* Material to process
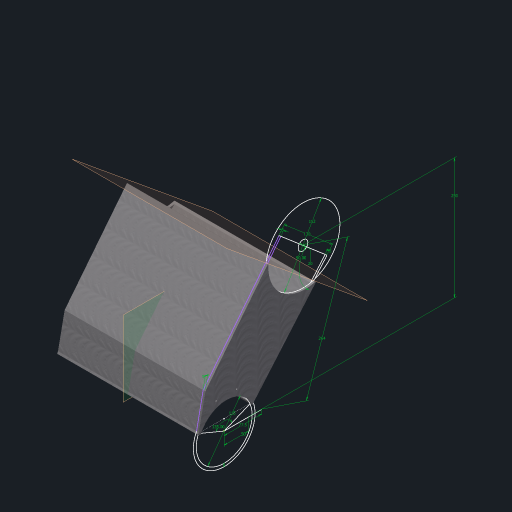
# Autodesk Inventor part: CANALETA_GUIA
Saved by Autodesk Inventor 2024.3 (Build 283343000, 343)
## iProperties
Created: 2024-07-12
Part Number: CANALETA_GUIA
Material: Steel, Mild, Welded
Document SubType Name: Modeling
Designer: Niler
Density: 7.85 g/cm^3
Appearance: Weld - Steel Mild
Author: Niler
Autodesk Inventor part; units mm, degrees
ref_plane "YZ Plane" through (0, 0, 0) normal (1, 0, 0) x (0, 1, 0)
ref_plane "XZ Plane" through (0, 0, 0) normal (0, 1, 0) x (-1, 0, 0)
ref_plane "XY Plane" through (0, 0, 0) normal (0, 0, 1) x (1, 0, 0)
sketch "Sketch1" plane through (0, 0, 0) normal (1, 0, 0) x (0, 1, 0)
  circle A0 centre (0, 0) radius 57.5
  line L0 (0, 0) -> (22.0043, 53.1231)
  line L1 (0, 0) -> (22.0043, -53.1231)
  line L2 (22.0043, 53.1231) -> (22.0043, -53.1231) construction
  line L3 (22.0043, 53.1231) -> (24.3004, 58.6664)
  line L4 (22.0043, -53.1231) -> (24.3004, -58.6664)
  circle A1 centre (0, 0) radius 63.5
  line L5 (22.0043, -53.1231) -> (207.792, -211.7609)
  line L6 (0, 0) -> (0, -50)
  line L7 (94.6424, 43.3552) -> (292.208, -112.8976)
  line L8 (92.474, 38.6955) -> (288.9589, -116.7027)
  line L9 (26.9658, -50.7848) -> (211.0388, -207.9584)
  line L10 (292.208, -112.8976) -> (207.792, -211.7609)
  circle A2 centre (250, -162.3292) radius 10
  circle A3 centre (250, -162.3292) radius 76
  line L11 (94.6424, 43.3552) -> (27.9796, 57.0034)
  line L12 (22.0043, 53.1231) -> (92.474, 38.6955)
  line L13 (0, 0) -> (0, -77.5)
  point P0 (22.0043, 0)
  point P1 (250.5574, -86.3313)
  point P2 (259.3441, -86.9058)
  point P3 (177.842, -186.1875)
  point P4 (175.5639, -177.6676)
  point P5 (243.5065, -169.9341)
  point P6 (256.4935, -154.7244)
  point P7 (27.0643, -57.4436)
  point P8 (39.7995, 49.4798)
  point P9 (31.8357, -54.943)
  dimension "d0" = 115
  dimension "d1" = 135
  dimension "d2" = 6
  dimension "d6" = 5
  dimension "d7" = 5
  dimension "d8" = 90
  dimension "d9" = 130
  dimension "d11" = 50
  dimension "d14" = 20
  dimension "d16" = 152
  dimension "d17" = 250
  dimension "d18" = 5
  dimension "d24" = 77.5
  dimension "d26" = 264
  constraints: 28 end point, 6 point on circle, 4 centre point, 3 coincident, 3 parallel, 3 point on line, 2 midpoint, 2 vertical, 1 collinear, 1 horizontal alignment
  measures "d0" diameter of A0
  measures "d1" angle of L0 L1
  measures "d2" radial gap between concentric circles of A0 A1
  measures "d6" distance between parallel lines of L8 L7
  measures "d7" distance between parallel lines of L5 L9
  measures "d8" angle of L10 L5
  measures "d9" distance of L7.end L5.end
  measures "d11" distance of L0.start L6.end
  measures "d14" diameter of A2
  measures "d16" diameter of A3
  measures "d17" distance from line of A2.centre L6
  measures "d18" distance between parallel lines of L11 L12
  measures "d24" distance of L0.start L13.end
  measures "d26" distance of A2.centre L13.end
extrude "Extrusion1" add sketch "Sketch1" against normal blind 280 contours L3 A1 L12 | L9 A1 L5 A0 | A1 L11 L7 A3 L8 L12 | L9 A3 L5 A1
extrude "Extrusion2" add sketch "Sketch1" along normal blind 5 contours A0 L12 A1 L9 | L3 A1 L12 | L9 A1 L5 A0 | L12 L8 A3 L9 A1 | A1 L11 L7 A3 L8 L12 | L9 A3 L5 A1
ref_plane "Work Plane1" through (-140, 0, 0) normal (-1, 0, 0) x (0, 0, 1)
mirror "Mirror1" about plane through (-140, 0, 0) normal (-1, 0, 0) of "Extrusion2"
sketch "Sketch2" plane through (5, 0, 0) normal (1, 0, 0) x (0, 0, -1)
  line L0 (86.9058, 259.3441) -> (-43.3552, 94.6424) projected
  line L1 (-43.3552, 94.6424) -> (-57.0034, 27.9796) projected
  arc A0 (-57.0034, 27.9796) -> (-58.6664, 24.3004) centre (0, 0) ccw projected
  line L2 (-58.6664, 24.3004) -> (-53.1231, 22.0043) projected
  arc A1 (53.1231, 22.0043) -> (-53.1231, 22.0043) centre (0, 0) ccw projected
  line L3 (53.1231, 22.0043) -> (186.1875, 177.842) projected
  arc A2 (86.9058, 259.3441) -> (186.1875, 177.842) centre (162.3292, 250) ccw projected
  circle A3 centre (0, 0) radius 63.5 projected
  circle A4 centre (-21.0494, 66.7602) radius 1.65
  line L4 (-21.0494, 66.7602) -> (0, 0) construction
  line L5 (0, 0) -> (21.0494, 66.7602) construction
  line L6 (-21.0494, 66.7602) -> (21.0494, 66.7602) construction
  circle A5 centre (21.0494, 66.7602) radius 1.65
  point P0 (0, 66.7602)
  dimension "d19" = 3.3
  dimension "d20" = 70
  dimension "d21" = 35
  constraints: 6 end point, 2 centre point, 1 coincident, 1 equal radius, 1 horizontal alignment, 1 midpoint, 1 vertical alignment
  measures "d19" diameter of A4
  measures "d20" distance of L4.start L4.end
  measures "d21" angle of L5 L4
extrude "Extrusion3" cut sketch "Sketch2" against normal through all contours A4 | A5
ref_plane "Work Plane2" through (0, 259.3441, -86.9058) normal (0, 0.7729, -0.6345) x (1, 0, 0)
sketch "Sketch3" plane through (0, 259.3441, -86.9058) normal (0, 0.7729, -0.6345) x (1, 0, 0)
  line L0 (-314.1788, 142.1673) -> (47.7858, 142.1673)
  line L1 (47.7858, 142.1673) -> (47.7858, -28.3874)
  line L2 (47.7858, -28.3874) -> (-314.1788, -28.3874)
  line L3 (-314.1788, -28.3874) -> (-314.1788, 142.1673)
  point P0 (0, 97.3835)
  constraints: 8 end point, 2 parallel, 1 horizontal, 1 perpendicular
extrude "Extrusion4" cut sketch "Sketch3" against normal blind 3
body "Solid1"

* Task statement
Make an exact copy of the listing above. Do not include the pictures.

* Response for this exercise
# Autodesk Inventor part: CANALETA_GUIA
Saved by Autodesk Inventor 2024.3 (Build 283343000, 343)
## iProperties
Created: 2024-07-12
Part Number: CANALETA_GUIA
Material: Steel, Mild, Welded
Document SubType Name: Modeling
Designer: Niler
Density: 7.85 g/cm^3
Appearance: Weld - Steel Mild
Author: Niler
Autodesk Inventor part; units mm, degrees
ref_plane "YZ Plane" through (0, 0, 0) normal (1, 0, 0) x (0, 1, 0)
ref_plane "XZ Plane" through (0, 0, 0) normal (0, 1, 0) x (-1, 0, 0)
ref_plane "XY Plane" through (0, 0, 0) normal (0, 0, 1) x (1, 0, 0)
sketch "Sketch1" plane through (0, 0, 0) normal (1, 0, 0) x (0, 1, 0)
  circle A0 centre (0, 0) radius 57.5
  line L0 (0, 0) -> (22.0043, 53.1231)
  line L1 (0, 0) -> (22.0043, -53.1231)
  line L2 (22.0043, 53.1231) -> (22.0043, -53.1231) construction
  line L3 (22.0043, 53.1231) -> (24.3004, 58.6664)
  line L4 (22.0043, -53.1231) -> (24.3004, -58.6664)
  circle A1 centre (0, 0) radius 63.5
  line L5 (22.0043, -53.1231) -> (207.792, -211.7609)
  line L6 (0, 0) -> (0, -50)
  line L7 (94.6424, 43.3552) -> (292.208, -112.8976)
  line L8 (92.474, 38.6955) -> (288.9589, -116.7027)
  line L9 (26.9658, -50.7848) -> (211.0388, -207.9584)
  line L10 (292.208, -112.8976) -> (207.792, -211.7609)
  circle A2 centre (250, -162.3292) radius 10
  circle A3 centre (250, -162.3292) radius 76
  line L11 (94.6424, 43.3552) -> (27.9796, 57.0034)
  line L12 (22.0043, 53.1231) -> (92.474, 38.6955)
  line L13 (0, 0) -> (0, -77.5)
  point P0 (22.0043, 0)
  point P1 (250.5574, -86.3313)
  point P2 (259.3441, -86.9058)
  point P3 (177.842, -186.1875)
  point P4 (175.5639, -177.6676)
  point P5 (243.5065, -169.9341)
  point P6 (256.4935, -154.7244)
  point P7 (27.0643, -57.4436)
  point P8 (39.7995, 49.4798)
  point P9 (31.8357, -54.943)
  dimension "d0" = 115
  dimension "d1" = 135
  dimension "d2" = 6
  dimension "d6" = 5
  dimension "d7" = 5
  dimension "d8" = 90
  dimension "d9" = 130
  dimension "d11" = 50
  dimension "d14" = 20
  dimension "d16" = 152
  dimension "d17" = 250
  dimension "d18" = 5
  dimension "d24" = 77.5
  dimension "d26" = 264
  constraints: 28 end point, 6 point on circle, 4 centre point, 3 coincident, 3 parallel, 3 point on line, 2 midpoint, 2 vertical, 1 collinear, 1 horizontal alignment
  measures "d0" diameter of A0
  measures "d1" angle of L0 L1
  measures "d2" radial gap between concentric circles of A0 A1
  measures "d6" distance between parallel lines of L8 L7
  measures "d7" distance between parallel lines of L5 L9
  measures "d8" angle of L10 L5
  measures "d9" distance of L7.end L5.end
  measures "d11" distance of L0.start L6.end
  measures "d14" diameter of A2
  measures "d16" diameter of A3
  measures "d17" distance from line of A2.centre L6
  measures "d18" distance between parallel lines of L11 L12
  measures "d24" distance of L0.start L13.end
  measures "d26" distance of A2.centre L13.end
extrude "Extrusion1" add sketch "Sketch1" against normal blind 280 contours L3 A1 L12 | L9 A1 L5 A0 | A1 L11 L7 A3 L8 L12 | L9 A3 L5 A1
extrude "Extrusion2" add sketch "Sketch1" along normal blind 5 contours A0 L12 A1 L9 | L3 A1 L12 | L9 A1 L5 A0 | L12 L8 A3 L9 A1 | A1 L11 L7 A3 L8 L12 | L9 A3 L5 A1
ref_plane "Work Plane1" through (-140, 0, 0) normal (-1, 0, 0) x (0, 0, 1)
mirror "Mirror1" about plane through (-140, 0, 0) normal (-1, 0, 0) of "Extrusion2"
sketch "Sketch2" plane through (5, 0, 0) normal (1, 0, 0) x (0, 0, -1)
  line L0 (86.9058, 259.3441) -> (-43.3552, 94.6424) projected
  line L1 (-43.3552, 94.6424) -> (-57.0034, 27.9796) projected
  arc A0 (-57.0034, 27.9796) -> (-58.6664, 24.3004) centre (0, 0) ccw projected
  line L2 (-58.6664, 24.3004) -> (-53.1231, 22.0043) projected
  arc A1 (53.1231, 22.0043) -> (-53.1231, 22.0043) centre (0, 0) ccw projected
  line L3 (53.1231, 22.0043) -> (186.1875, 177.842) projected
  arc A2 (86.9058, 259.3441) -> (186.1875, 177.842) centre (162.3292, 250) ccw projected
  circle A3 centre (0, 0) radius 63.5 projected
  circle A4 centre (-21.0494, 66.7602) radius 1.65
  line L4 (-21.0494, 66.7602) -> (0, 0) construction
  line L5 (0, 0) -> (21.0494, 66.7602) construction
  line L6 (-21.0494, 66.7602) -> (21.0494, 66.7602) construction
  circle A5 centre (21.0494, 66.7602) radius 1.65
  point P0 (0, 66.7602)
  dimension "d19" = 3.3
  dimension "d20" = 70
  dimension "d21" = 35
  constraints: 6 end point, 2 centre point, 1 coincident, 1 equal radius, 1 horizontal alignment, 1 midpoint, 1 vertical alignment
  measures "d19" diameter of A4
  measures "d20" distance of L4.start L4.end
  measures "d21" angle of L5 L4
extrude "Extrusion3" cut sketch "Sketch2" against normal through all contours A4 | A5
ref_plane "Work Plane2" through (0, 259.3441, -86.9058) normal (0, 0.7729, -0.6345) x (1, 0, 0)
sketch "Sketch3" plane through (0, 259.3441, -86.9058) normal (0, 0.7729, -0.6345) x (1, 0, 0)
  line L0 (-314.1788, 142.1673) -> (47.7858, 142.1673)
  line L1 (47.7858, 142.1673) -> (47.7858, -28.3874)
  line L2 (47.7858, -28.3874) -> (-314.1788, -28.3874)
  line L3 (-314.1788, -28.3874) -> (-314.1788, 142.1673)
  point P0 (0, 97.3835)
  constraints: 8 end point, 2 parallel, 1 horizontal, 1 perpendicular
extrude "Extrusion4" cut sketch "Sketch3" against normal blind 3
body "Solid1"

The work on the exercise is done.